### RECORDED INFORMATION

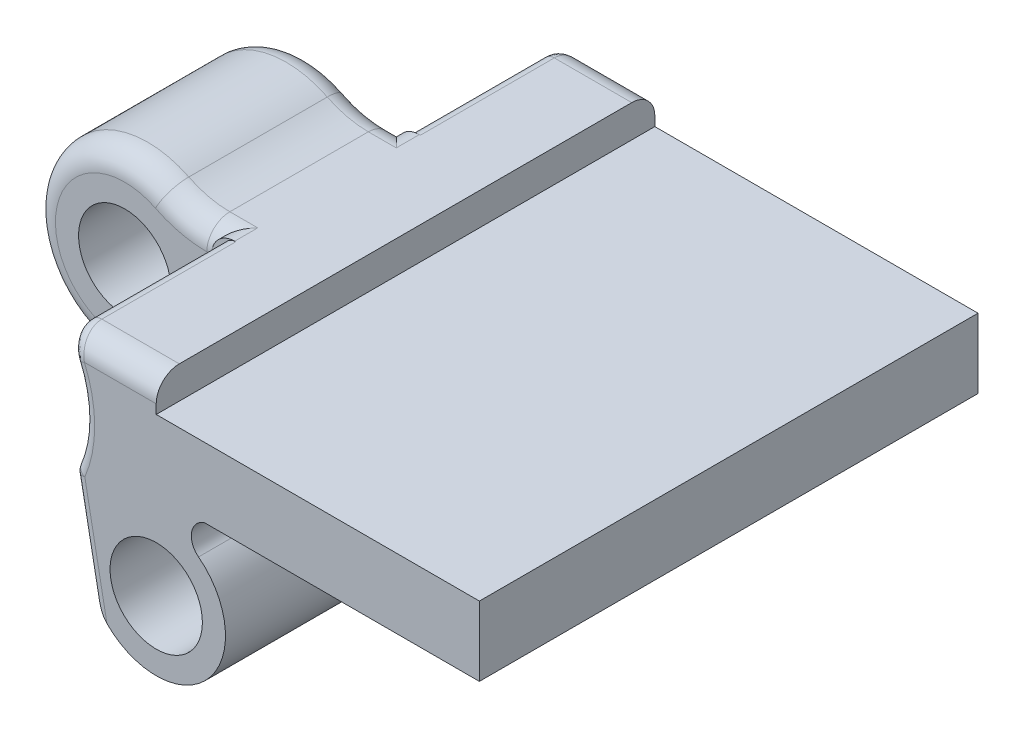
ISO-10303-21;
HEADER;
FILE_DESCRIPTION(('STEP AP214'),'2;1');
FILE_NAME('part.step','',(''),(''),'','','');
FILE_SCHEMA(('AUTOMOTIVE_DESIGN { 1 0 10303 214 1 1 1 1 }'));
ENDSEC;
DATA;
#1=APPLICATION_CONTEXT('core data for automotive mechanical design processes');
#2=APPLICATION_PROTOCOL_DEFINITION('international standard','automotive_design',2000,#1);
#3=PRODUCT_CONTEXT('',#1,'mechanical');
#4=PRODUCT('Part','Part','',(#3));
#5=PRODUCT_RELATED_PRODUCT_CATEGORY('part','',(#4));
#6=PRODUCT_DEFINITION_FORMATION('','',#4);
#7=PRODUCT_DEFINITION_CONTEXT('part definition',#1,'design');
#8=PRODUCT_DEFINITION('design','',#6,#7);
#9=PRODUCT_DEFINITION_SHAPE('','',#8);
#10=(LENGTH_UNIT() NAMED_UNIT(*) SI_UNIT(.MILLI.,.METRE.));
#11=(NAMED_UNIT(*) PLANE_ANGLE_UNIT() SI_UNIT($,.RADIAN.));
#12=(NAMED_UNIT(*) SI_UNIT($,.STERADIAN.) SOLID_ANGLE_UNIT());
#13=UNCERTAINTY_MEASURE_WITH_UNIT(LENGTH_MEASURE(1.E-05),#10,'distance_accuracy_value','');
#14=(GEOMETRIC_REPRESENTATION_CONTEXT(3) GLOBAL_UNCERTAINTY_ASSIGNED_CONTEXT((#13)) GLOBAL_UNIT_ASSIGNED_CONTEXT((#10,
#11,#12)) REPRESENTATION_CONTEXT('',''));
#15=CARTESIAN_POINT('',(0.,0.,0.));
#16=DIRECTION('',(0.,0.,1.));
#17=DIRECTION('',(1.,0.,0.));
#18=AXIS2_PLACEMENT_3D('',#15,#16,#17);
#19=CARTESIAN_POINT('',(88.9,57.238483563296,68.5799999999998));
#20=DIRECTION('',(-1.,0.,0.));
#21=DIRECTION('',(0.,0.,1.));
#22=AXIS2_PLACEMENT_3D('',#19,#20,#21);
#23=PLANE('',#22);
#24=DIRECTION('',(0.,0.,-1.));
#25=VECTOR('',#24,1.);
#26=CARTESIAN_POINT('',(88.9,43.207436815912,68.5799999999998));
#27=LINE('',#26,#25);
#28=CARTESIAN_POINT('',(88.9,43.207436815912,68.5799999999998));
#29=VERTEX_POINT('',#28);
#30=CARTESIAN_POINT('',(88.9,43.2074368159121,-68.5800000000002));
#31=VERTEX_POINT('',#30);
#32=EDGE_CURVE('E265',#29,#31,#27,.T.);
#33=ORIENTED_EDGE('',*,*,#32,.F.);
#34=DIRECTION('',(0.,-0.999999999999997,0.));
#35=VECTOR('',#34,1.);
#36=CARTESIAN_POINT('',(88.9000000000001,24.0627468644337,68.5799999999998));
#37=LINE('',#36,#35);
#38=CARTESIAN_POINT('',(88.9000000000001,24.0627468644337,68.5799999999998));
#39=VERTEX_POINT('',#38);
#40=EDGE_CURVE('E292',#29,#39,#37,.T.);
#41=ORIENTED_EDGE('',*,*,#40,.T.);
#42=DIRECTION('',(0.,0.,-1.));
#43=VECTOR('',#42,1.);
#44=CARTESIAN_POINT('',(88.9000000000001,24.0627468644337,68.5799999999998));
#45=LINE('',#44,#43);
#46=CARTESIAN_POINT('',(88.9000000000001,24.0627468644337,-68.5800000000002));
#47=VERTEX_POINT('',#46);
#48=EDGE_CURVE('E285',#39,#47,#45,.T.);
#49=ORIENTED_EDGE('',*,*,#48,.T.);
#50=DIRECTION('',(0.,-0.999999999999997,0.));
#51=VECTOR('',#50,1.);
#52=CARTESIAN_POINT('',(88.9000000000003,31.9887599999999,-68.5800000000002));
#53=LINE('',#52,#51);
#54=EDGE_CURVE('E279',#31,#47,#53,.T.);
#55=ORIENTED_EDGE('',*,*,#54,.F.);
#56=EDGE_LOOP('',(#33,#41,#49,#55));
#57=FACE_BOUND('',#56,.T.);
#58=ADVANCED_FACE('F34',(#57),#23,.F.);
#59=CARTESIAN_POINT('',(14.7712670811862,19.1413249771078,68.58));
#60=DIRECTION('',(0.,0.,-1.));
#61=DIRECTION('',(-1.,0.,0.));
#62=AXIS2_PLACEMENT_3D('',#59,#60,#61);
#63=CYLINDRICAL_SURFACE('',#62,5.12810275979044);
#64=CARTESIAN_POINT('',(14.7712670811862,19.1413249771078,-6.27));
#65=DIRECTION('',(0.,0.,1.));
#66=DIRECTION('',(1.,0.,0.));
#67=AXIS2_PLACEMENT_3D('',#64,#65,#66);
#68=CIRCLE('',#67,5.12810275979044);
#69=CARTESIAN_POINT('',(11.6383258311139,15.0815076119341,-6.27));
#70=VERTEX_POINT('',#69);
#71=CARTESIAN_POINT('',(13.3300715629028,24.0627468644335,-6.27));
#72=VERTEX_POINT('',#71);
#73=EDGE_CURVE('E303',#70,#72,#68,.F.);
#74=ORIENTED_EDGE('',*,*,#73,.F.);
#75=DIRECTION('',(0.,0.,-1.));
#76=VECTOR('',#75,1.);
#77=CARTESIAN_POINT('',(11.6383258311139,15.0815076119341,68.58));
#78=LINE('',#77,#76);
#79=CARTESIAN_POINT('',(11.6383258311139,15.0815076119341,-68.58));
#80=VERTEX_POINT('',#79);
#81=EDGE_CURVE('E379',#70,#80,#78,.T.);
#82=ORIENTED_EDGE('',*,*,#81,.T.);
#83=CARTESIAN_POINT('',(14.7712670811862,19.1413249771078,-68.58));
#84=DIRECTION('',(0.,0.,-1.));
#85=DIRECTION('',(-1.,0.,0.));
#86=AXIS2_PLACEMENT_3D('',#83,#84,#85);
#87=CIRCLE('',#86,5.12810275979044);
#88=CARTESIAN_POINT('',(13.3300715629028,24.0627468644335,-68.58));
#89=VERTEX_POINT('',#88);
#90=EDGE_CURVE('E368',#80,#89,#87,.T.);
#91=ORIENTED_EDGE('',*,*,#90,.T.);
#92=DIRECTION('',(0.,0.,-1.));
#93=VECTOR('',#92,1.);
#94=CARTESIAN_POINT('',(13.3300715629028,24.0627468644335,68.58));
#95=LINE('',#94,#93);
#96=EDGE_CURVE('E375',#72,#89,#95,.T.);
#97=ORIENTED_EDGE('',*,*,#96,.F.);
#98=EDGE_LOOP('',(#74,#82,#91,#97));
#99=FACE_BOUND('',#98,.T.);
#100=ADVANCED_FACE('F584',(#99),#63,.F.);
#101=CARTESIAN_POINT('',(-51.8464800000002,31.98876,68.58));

######

Restate each entry word for word; omit the pictures.

- _YOUR SOLUTION_
ISO-10303-21;
HEADER;
FILE_DESCRIPTION(('STEP AP214'),'2;1');
FILE_NAME('part.step','',(''),(''),'','','');
FILE_SCHEMA(('AUTOMOTIVE_DESIGN { 1 0 10303 214 1 1 1 1 }'));
ENDSEC;
DATA;
#1=APPLICATION_CONTEXT('core data for automotive mechanical design processes');
#2=APPLICATION_PROTOCOL_DEFINITION('international standard','automotive_design',2000,#1);
#3=PRODUCT_CONTEXT('',#1,'mechanical');
#4=PRODUCT('Part','Part','',(#3));
#5=PRODUCT_RELATED_PRODUCT_CATEGORY('part','',(#4));
#6=PRODUCT_DEFINITION_FORMATION('','',#4);
#7=PRODUCT_DEFINITION_CONTEXT('part definition',#1,'design');
#8=PRODUCT_DEFINITION('design','',#6,#7);
#9=PRODUCT_DEFINITION_SHAPE('','',#8);
#10=(LENGTH_UNIT() NAMED_UNIT(*) SI_UNIT(.MILLI.,.METRE.));
#11=(NAMED_UNIT(*) PLANE_ANGLE_UNIT() SI_UNIT($,.RADIAN.));
#12=(NAMED_UNIT(*) SI_UNIT($,.STERADIAN.) SOLID_ANGLE_UNIT());
#13=UNCERTAINTY_MEASURE_WITH_UNIT(LENGTH_MEASURE(1.E-05),#10,'distance_accuracy_value','');
#14=(GEOMETRIC_REPRESENTATION_CONTEXT(3) GLOBAL_UNCERTAINTY_ASSIGNED_CONTEXT((#13)) GLOBAL_UNIT_ASSIGNED_CONTEXT((#10,
#11,#12)) REPRESENTATION_CONTEXT('',''));
#15=CARTESIAN_POINT('',(0.,0.,0.));
#16=DIRECTION('',(0.,0.,1.));
#17=DIRECTION('',(1.,0.,0.));
#18=AXIS2_PLACEMENT_3D('',#15,#16,#17);
#19=CARTESIAN_POINT('',(88.9,57.238483563296,68.5799999999998));
#20=DIRECTION('',(-1.,0.,0.));
#21=DIRECTION('',(0.,0.,1.));
#22=AXIS2_PLACEMENT_3D('',#19,#20,#21);
#23=PLANE('',#22);
#24=DIRECTION('',(0.,0.,-1.));
#25=VECTOR('',#24,1.);
#26=CARTESIAN_POINT('',(88.9,43.207436815912,68.5799999999998));
#27=LINE('',#26,#25);
#28=CARTESIAN_POINT('',(88.9,43.207436815912,68.5799999999998));
#29=VERTEX_POINT('',#28);
#30=CARTESIAN_POINT('',(88.9,43.2074368159121,-68.5800000000002));
#31=VERTEX_POINT('',#30);
#32=EDGE_CURVE('E265',#29,#31,#27,.T.);
#33=ORIENTED_EDGE('',*,*,#32,.F.);
#34=DIRECTION('',(0.,-0.999999999999997,0.));
#35=VECTOR('',#34,1.);
#36=CARTESIAN_POINT('',(88.9000000000001,24.0627468644337,68.5799999999998));
#37=LINE('',#36,#35);
#38=CARTESIAN_POINT('',(88.9000000000001,24.0627468644337,68.5799999999998));
#39=VERTEX_POINT('',#38);
#40=EDGE_CURVE('E292',#29,#39,#37,.T.);
#41=ORIENTED_EDGE('',*,*,#40,.T.);
#42=DIRECTION('',(0.,0.,-1.));
#43=VECTOR('',#42,1.);
#44=CARTESIAN_POINT('',(88.9000000000001,24.0627468644337,68.5799999999998));
#45=LINE('',#44,#43);
#46=CARTESIAN_POINT('',(88.9000000000001,24.0627468644337,-68.5800000000002));
#47=VERTEX_POINT('',#46);
#48=EDGE_CURVE('E285',#39,#47,#45,.T.);
#49=ORIENTED_EDGE('',*,*,#48,.T.);
#50=DIRECTION('',(0.,-0.999999999999997,0.));
#51=VECTOR('',#50,1.);
#52=CARTESIAN_POINT('',(88.9000000000003,31.9887599999999,-68.5800000000002));
#53=LINE('',#52,#51);
#54=EDGE_CURVE('E279',#31,#47,#53,.T.);
#55=ORIENTED_EDGE('',*,*,#54,.F.);
#56=EDGE_LOOP('',(#33,#41,#49,#55));
#57=FACE_BOUND('',#56,.T.);
#58=ADVANCED_FACE('F34',(#57),#23,.F.);
#59=CARTESIAN_POINT('',(14.7712670811862,19.1413249771078,68.58));
#60=DIRECTION('',(0.,0.,-1.));
#61=DIRECTION('',(-1.,0.,0.));
#62=AXIS2_PLACEMENT_3D('',#59,#60,#61);
#63=CYLINDRICAL_SURFACE('',#62,5.12810275979044);
#64=CARTESIAN_POINT('',(14.7712670811862,19.1413249771078,-6.27));
#65=DIRECTION('',(0.,0.,1.));
#66=DIRECTION('',(1.,0.,0.));
#67=AXIS2_PLACEMENT_3D('',#64,#65,#66);
#68=CIRCLE('',#67,5.12810275979044);
#69=CARTESIAN_POINT('',(11.6383258311139,15.0815076119341,-6.27));
#70=VERTEX_POINT('',#69);
#71=CARTESIAN_POINT('',(13.3300715629028,24.0627468644335,-6.27));
#72=VERTEX_POINT('',#71);
#73=EDGE_CURVE('E303',#70,#72,#68,.F.);
#74=ORIENTED_EDGE('',*,*,#73,.F.);
#75=DIRECTION('',(0.,0.,-1.));
#76=VECTOR('',#75,1.);
#77=CARTESIAN_POINT('',(11.6383258311139,15.0815076119341,68.58));
#78=LINE('',#77,#76);
#79=CARTESIAN_POINT('',(11.6383258311139,15.0815076119341,-68.58));
#80=VERTEX_POINT('',#79);
#81=EDGE_CURVE('E379',#70,#80,#78,.T.);
#82=ORIENTED_EDGE('',*,*,#81,.T.);
#83=CARTESIAN_POINT('',(14.7712670811862,19.1413249771078,-68.58));
#84=DIRECTION('',(0.,0.,-1.));
#85=DIRECTION('',(-1.,0.,0.));
#86=AXIS2_PLACEMENT_3D('',#83,#84,#85);
#87=CIRCLE('',#86,5.12810275979044);
#88=CARTESIAN_POINT('',(13.3300715629028,24.0627468644335,-68.58));
#89=VERTEX_POINT('',#88);
#90=EDGE_CURVE('E368',#80,#89,#87,.T.);
#91=ORIENTED_EDGE('',*,*,#90,.T.);
#92=DIRECTION('',(0.,0.,-1.));
#93=VECTOR('',#92,1.);
#94=CARTESIAN_POINT('',(13.3300715629028,24.0627468644335,68.58));
#95=LINE('',#94,#93);
#96=EDGE_CURVE('E375',#72,#89,#95,.T.);
#97=ORIENTED_EDGE('',*,*,#96,.F.);
#98=EDGE_LOOP('',(#74,#82,#91,#97));
#99=FACE_BOUND('',#98,.T.);
#100=ADVANCED_FACE('F584',(#99),#63,.F.);
#101=CARTESIAN_POINT('',(-51.8464800000002,31.98876,68.58));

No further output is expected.